# Replacement for Intel DH55TC Mobo for 1st gen i3 540



## gold (May 1, 2017)

My mobo is dead and need to replace it. Could you point me some alternatives?
My system config is:

Intel 1st gen i3 540
Intel DH55TC
Corsair 8Gb Ram
Corsair VX450
Seagate 7200 1Tb + 2Tb


----------



## quicky008 (May 3, 2017)

Motherboards for 1st gen i3/i5 cpus are rather hard to come by these days.You may find such motherboards from manufacturers like mercury/zebronics etc being sold at computer stores at many places-you can check them out if you're so inclined.You're also likely to find older h55 motherboards on sites like ebay. For example,here's one that i found:

Intel H55 Chipset MotherBoard, Support 1st Generation Processor for i3,i5 and i7


----------



## topgear (May 8, 2017)

I second @quicky008 - yes ebay is the place you need to look if you can't find in any nearby stores.

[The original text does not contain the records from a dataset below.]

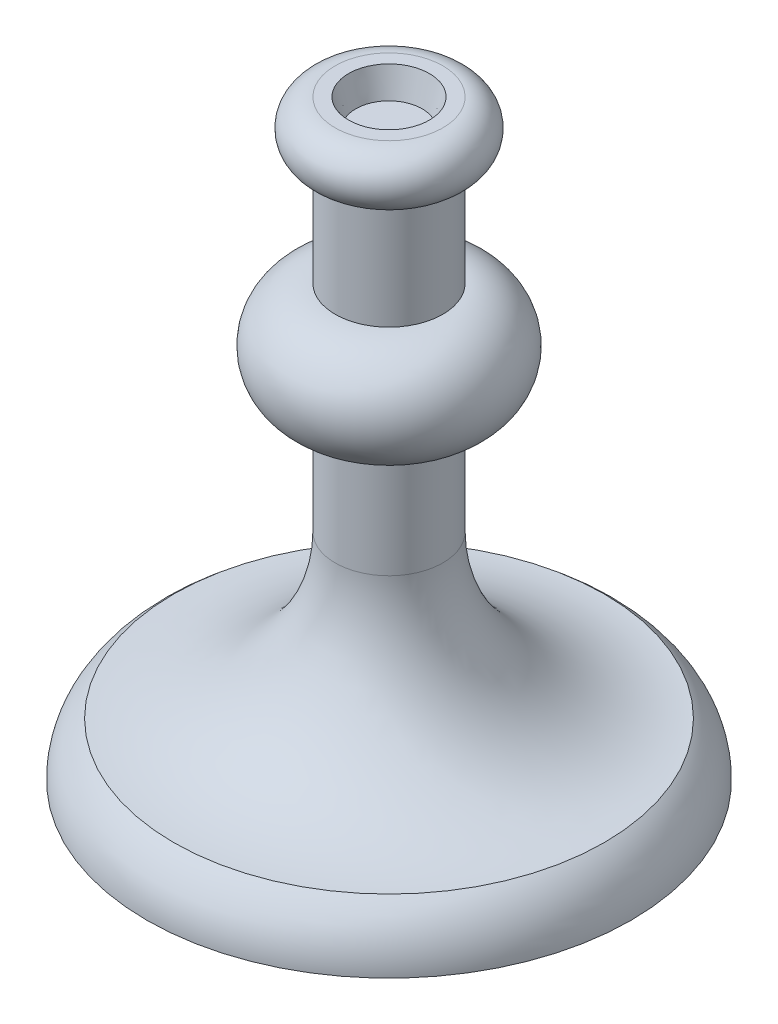
ISO-10303-21;
HEADER;
FILE_DESCRIPTION(('STEP AP214'),'2;1');
FILE_NAME('part.step','',(''),(''),'','','');
FILE_SCHEMA(('AUTOMOTIVE_DESIGN { 1 0 10303 214 1 1 1 1 }'));
ENDSEC;
DATA;
#1=APPLICATION_CONTEXT('core data for automotive mechanical design processes');
#2=APPLICATION_PROTOCOL_DEFINITION('international standard','automotive_design',2000,#1);
#3=PRODUCT_CONTEXT('',#1,'mechanical');
#4=PRODUCT('Part','Part','',(#3));
#5=PRODUCT_RELATED_PRODUCT_CATEGORY('part','',(#4));
#6=PRODUCT_DEFINITION_FORMATION('','',#4);
#7=PRODUCT_DEFINITION_CONTEXT('part definition',#1,'design');
#8=PRODUCT_DEFINITION('design','',#6,#7);
#9=PRODUCT_DEFINITION_SHAPE('','',#8);
#10=(LENGTH_UNIT() NAMED_UNIT(*) SI_UNIT(.MILLI.,.METRE.));
#11=(NAMED_UNIT(*) PLANE_ANGLE_UNIT() SI_UNIT($,.RADIAN.));
#12=(NAMED_UNIT(*) SI_UNIT($,.STERADIAN.) SOLID_ANGLE_UNIT());
#13=UNCERTAINTY_MEASURE_WITH_UNIT(LENGTH_MEASURE(1.E-05),#10,'distance_accuracy_value','');
#14=(GEOMETRIC_REPRESENTATION_CONTEXT(3) GLOBAL_UNCERTAINTY_ASSIGNED_CONTEXT((#13)) GLOBAL_UNIT_ASSIGNED_CONTEXT((#10,
#11,#12)) REPRESENTATION_CONTEXT('',''));
#15=CARTESIAN_POINT('',(0.,0.,0.));
#16=DIRECTION('',(0.,0.,1.));
#17=DIRECTION('',(1.,0.,0.));
#18=AXIS2_PLACEMENT_3D('',#15,#16,#17);
#19=CARTESIAN_POINT('',(0.,0.,0.));
#20=DIRECTION('',(0.,-1.,0.));
#21=DIRECTION('',(0.,0.,-1.));
#22=AXIS2_PLACEMENT_3D('',#19,#20,#21);
#23=PLANE('',#22);
#24=CARTESIAN_POINT('',(0.,0.,0.));
#25=DIRECTION('',(0.,-1.,0.));
#26=DIRECTION('',(0.,0.,-1.));
#27=AXIS2_PLACEMENT_3D('',#24,#25,#26);
#28=CIRCLE('',#27,90.);
#29=CARTESIAN_POINT('',(0.,0.,-90.));
#30=VERTEX_POINT('',#29);
#31=EDGE_CURVE('E10',#30,#30,#28,.T.);
#32=ORIENTED_EDGE('',*,*,#31,.T.);
#33=EDGE_LOOP('',(#32));
#34=FACE_BOUND('',#33,.T.);
#35=ADVANCED_FACE('F30',(#34),#23,.T.);
#36=CARTESIAN_POINT('',(0.,0.,0.));
#37=DIRECTION('',(0.,-1.,0.));
#38=DIRECTION('',(0.,0.,-1.));
#39=AXIS2_PLACEMENT_3D('',#36,#37,#38);
#40=TOROIDAL_SURFACE('',#39,65.,25.);
#41=CARTESIAN_POINT('',(0.,20.,0.));
#42=DIRECTION('',(0.,-1.,0.));
#43=DIRECTION('',(0.,0.,-1.));
#44=AXIS2_PLACEMENT_3D('',#41,#42,#43);
#45=CIRCLE('',#44,80.);
#46=CARTESIAN_POINT('',(0.,20.,-80.));
#47=VERTEX_POINT('',#46);
#48=EDGE_CURVE('E36',#47,#47,#45,.T.);
#49=ORIENTED_EDGE('',*,*,#48,.T.);
#50=EDGE_LOOP('',(#49));
#51=FACE_BOUND('',#50,.T.);
#52=ORIENTED_EDGE('',*,*,#31,.F.);
#53=EDGE_LOOP('',(#52));
#54=FACE_BOUND('',#53,.T.);
#55=ADVANCED_FACE('F100',(#51,#54),#40,.T.);
#56=CARTESIAN_POINT('',(0.,80.,0.));
#57=DIRECTION('',(0.,-1.,0.));
#58=DIRECTION('',(0.,0.,-1.));
#59=AXIS2_PLACEMENT_3D('',#56,#57,#58);
#60=TOROIDAL_SURFACE('',#59,80.,60.);
#61=CARTESIAN_POINT('',(0.,80.,0.));
#62=DIRECTION('',(0.,-1.,0.));
#63=DIRECTION('',(0.,0.,-1.));
#64=AXIS2_PLACEMENT_3D('',#61,#62,#63);
#65=CIRCLE('',#64,20.);
#66=CARTESIAN_POINT('',(0.,80.,-20.));
#67=VERTEX_POINT('',#66);
#68=EDGE_CURVE('E40',#67,#67,#65,.T.);
#69=ORIENTED_EDGE('',*,*,#68,.T.);
#70=EDGE_LOOP('',(#69));
#71=FACE_BOUND('',#70,.T.);
#72=ORIENTED_EDGE('',*,*,#48,.F.);
#73=EDGE_LOOP('',(#72));
#74=FACE_BOUND('',#73,.T.);
#75=ADVANCED_FACE('F94',(#71,#74),#60,.F.);
#76=CARTESIAN_POINT('',(0.,0.,0.));
#77=DIRECTION('',(0.,-1.,0.));
#78=DIRECTION('',(0.,0.,-1.));
#79=AXIS2_PLACEMENT_3D('',#76,#77,#78);
#80=CYLINDRICAL_SURFACE('',#79,20.);
#81=CARTESIAN_POINT('',(0.,120.,0.));
#82=DIRECTION('',(0.,-1.,0.));
#83=DIRECTION('',(0.,0.,-1.));
#84=AXIS2_PLACEMENT_3D('',#81,#82,#83);
#85=CIRCLE('',#84,20.);
#86=CARTESIAN_POINT('',(0.,120.,-20.));
#87=VERTEX_POINT('',#86);
#88=EDGE_CURVE('E44',#87,#87,#85,.T.);
#89=ORIENTED_EDGE('',*,*,#88,.T.);
#90=EDGE_LOOP('',(#89));
#91=FACE_BOUND('',#90,.T.);
#92=ORIENTED_EDGE('',*,*,#68,.F.);
#93=EDGE_LOOP('',(#92));
#94=FACE_BOUND('',#93,.T.);
#95=ADVANCED_FACE('F88',(#91,#94),#80,.T.);
#96=CARTESIAN_POINT('',(0.,140.,0.));
#97=DIRECTION('',(0.,-1.,0.));
#98=DIRECTION('',(0.,0.,-1.));
#99=AXIS2_PLACEMENT_3D('',#96,#97,#98);
#100=TOROIDAL_SURFACE('',#99,20.,20.);
#101=CARTESIAN_POINT('',(0.,160.,0.));
#102=DIRECTION('',(0.,-1.,0.));
#103=DIRECTION('',(0.,0.,-1.));
#104=AXIS2_PLACEMENT_3D('',#101,#102,#103);
#105=CIRCLE('',#104,20.);
#106=CARTESIAN_POINT('',(0.,160.,-20.));
#107=VERTEX_POINT('',#106);
#108=EDGE_CURVE('E49',#107,#107,#105,.T.);
#109=ORIENTED_EDGE('',*,*,#108,.T.);
#110=EDGE_LOOP('',(#109));
#111=FACE_BOUND('',#110,.T.);
#112=ORIENTED_EDGE('',*,*,#88,.F.);
#113=EDGE_LOOP('',(#112));
#114=FACE_BOUND('',#113,.T.);
#115=ADVANCED_FACE('F82',(#111,#114),#100,.T.);
#116=CARTESIAN_POINT('',(0.,0.,0.));
#117=DIRECTION('',(0.,-1.,0.));
#118=DIRECTION('',(0.,0.,-1.));
#119=AXIS2_PLACEMENT_3D('',#116,#117,#118);
#120=CYLINDRICAL_SURFACE('',#119,20.);
#121=CARTESIAN_POINT('',(0.,200.,0.));
#122=DIRECTION('',(0.,-1.,0.));
#123=DIRECTION('',(0.,0.,-1.));
#124=AXIS2_PLACEMENT_3D('',#121,#122,#123);
#125=CIRCLE('',#124,20.);
#126=CARTESIAN_POINT('',(0.,200.,-20.));
#127=VERTEX_POINT('',#126);
#128=EDGE_CURVE('E52',#127,#127,#125,.T.);
#129=ORIENTED_EDGE('',*,*,#128,.T.);
#130=EDGE_LOOP('',(#129));
#131=FACE_BOUND('',#130,.T.);
#132=ORIENTED_EDGE('',*,*,#108,.F.);
#133=EDGE_LOOP('',(#132));
#134=FACE_BOUND('',#133,.T.);
#135=ADVANCED_FACE('F76',(#131,#134),#120,.T.);
#136=CARTESIAN_POINT('',(0.,210.,0.));
#137=DIRECTION('',(0.,-1.,0.));
#138=DIRECTION('',(0.,0.,-1.));
#139=AXIS2_PLACEMENT_3D('',#136,#137,#138);
#140=TOROIDAL_SURFACE('',#139,20.,10.);
#141=CARTESIAN_POINT('',(0.,220.,0.));
#142=DIRECTION('',(0.,-1.,0.));
#143=DIRECTION('',(0.,0.,-1.));
#144=AXIS2_PLACEMENT_3D('',#141,#142,#143);
#145=CIRCLE('',#144,20.);
#146=CARTESIAN_POINT('',(0.,220.,-20.));
#147=VERTEX_POINT('',#146);
#148=EDGE_CURVE('E55',#147,#147,#145,.T.);
#149=ORIENTED_EDGE('',*,*,#148,.T.);
#150=EDGE_LOOP('',(#149));
#151=FACE_BOUND('',#150,.T.);
#152=ORIENTED_EDGE('',*,*,#128,.F.);
#153=EDGE_LOOP('',(#152));
#154=FACE_BOUND('',#153,.T.);
#155=ADVANCED_FACE('F70',(#151,#154),#140,.T.);
#156=CARTESIAN_POINT('',(0.,220.,0.));
#157=DIRECTION('',(0.,1.,0.));
#158=DIRECTION('',(0.,0.,1.));
#159=AXIS2_PLACEMENT_3D('',#156,#157,#158);
#160=PLANE('',#159);
#161=CARTESIAN_POINT('',(0.,220.,0.));
#162=DIRECTION('',(0.,1.,0.));
#163=DIRECTION('',(0.,0.,1.));
#164=AXIS2_PLACEMENT_3D('',#161,#162,#163);
#165=CIRCLE('',#164,15.);
#166=CARTESIAN_POINT('',(0.,220.,15.));
#167=VERTEX_POINT('',#166);
#168=EDGE_CURVE('E61',#167,#167,#165,.T.);
#169=ORIENTED_EDGE('',*,*,#168,.F.);
#170=EDGE_LOOP('',(#169));
#171=FACE_BOUND('',#170,.T.);
#172=ORIENTED_EDGE('',*,*,#148,.F.);
#173=EDGE_LOOP('',(#172));
#174=FACE_BOUND('',#173,.T.);
#175=ADVANCED_FACE('F67',(#171,#174),#160,.T.);
#176=CARTESIAN_POINT('',(0.,220.,0.));
#177=DIRECTION('',(0.,1.,0.));
#178=DIRECTION('',(0.,0.,1.));
#179=AXIS2_PLACEMENT_3D('',#176,#177,#178);
#180=CONICAL_SURFACE('',#179,15.,0.26179938779915);
#181=CARTESIAN_POINT('',(0.,210.,0.));
#182=DIRECTION('',(0.,1.,0.));
#183=DIRECTION('',(0.,0.,1.));
#184=AXIS2_PLACEMENT_3D('',#181,#182,#183);
#185=CIRCLE('',#184,12.3205080756888);
#186=CARTESIAN_POINT('',(0.,210.,12.3205080756888));
#187=VERTEX_POINT('',#186);
#188=EDGE_CURVE('E58',#187,#187,#185,.T.);
#189=ORIENTED_EDGE('',*,*,#188,.F.);
#190=EDGE_LOOP('',(#189));
#191=FACE_BOUND('',#190,.T.);
#192=ORIENTED_EDGE('',*,*,#168,.T.);
#193=EDGE_LOOP('',(#192));
#194=FACE_BOUND('',#193,.T.);
#195=ADVANCED_FACE('F65',(#191,#194),#180,.F.);
#196=CARTESIAN_POINT('',(0.,210.,0.));
#197=DIRECTION('',(0.,1.,0.));
#198=DIRECTION('',(0.,0.,1.));
#199=AXIS2_PLACEMENT_3D('',#196,#197,#198);
#200=PLANE('',#199);
#201=ORIENTED_EDGE('',*,*,#188,.T.);
#202=EDGE_LOOP('',(#201));
#203=FACE_BOUND('',#202,.T.);
#204=ADVANCED_FACE('F155',(#203),#200,.T.);
#205=CLOSED_SHELL('',(#35,#55,#75,#95,#115,#135,#155,#175,#195,#204));
#206=MANIFOLD_SOLID_BREP('B2',#205);
#207=ADVANCED_BREP_SHAPE_REPRESENTATION('',(#18,#206),#14);
#208=SHAPE_DEFINITION_REPRESENTATION(#9,#207);
ENDSEC;
END-ISO-10303-21;

Anyway, even though a bit costly my recommendation is this :
H55 Asus MotherBoard For 1st. Generation Intel Core Processors.  | eBay


----------



## bssunilreddy (May 8, 2017)

gold said:


> My mobo is dead and need to replace it. Could you point me some alternatives?
> My system config is:
> 
> Intel 1st gen i3 540
> ...


ASUS P7H55-M/BM5275/DP_MB LGA 1156 Intel H55 Micro ATX Intel MB (OEM PACK) | eBay


----------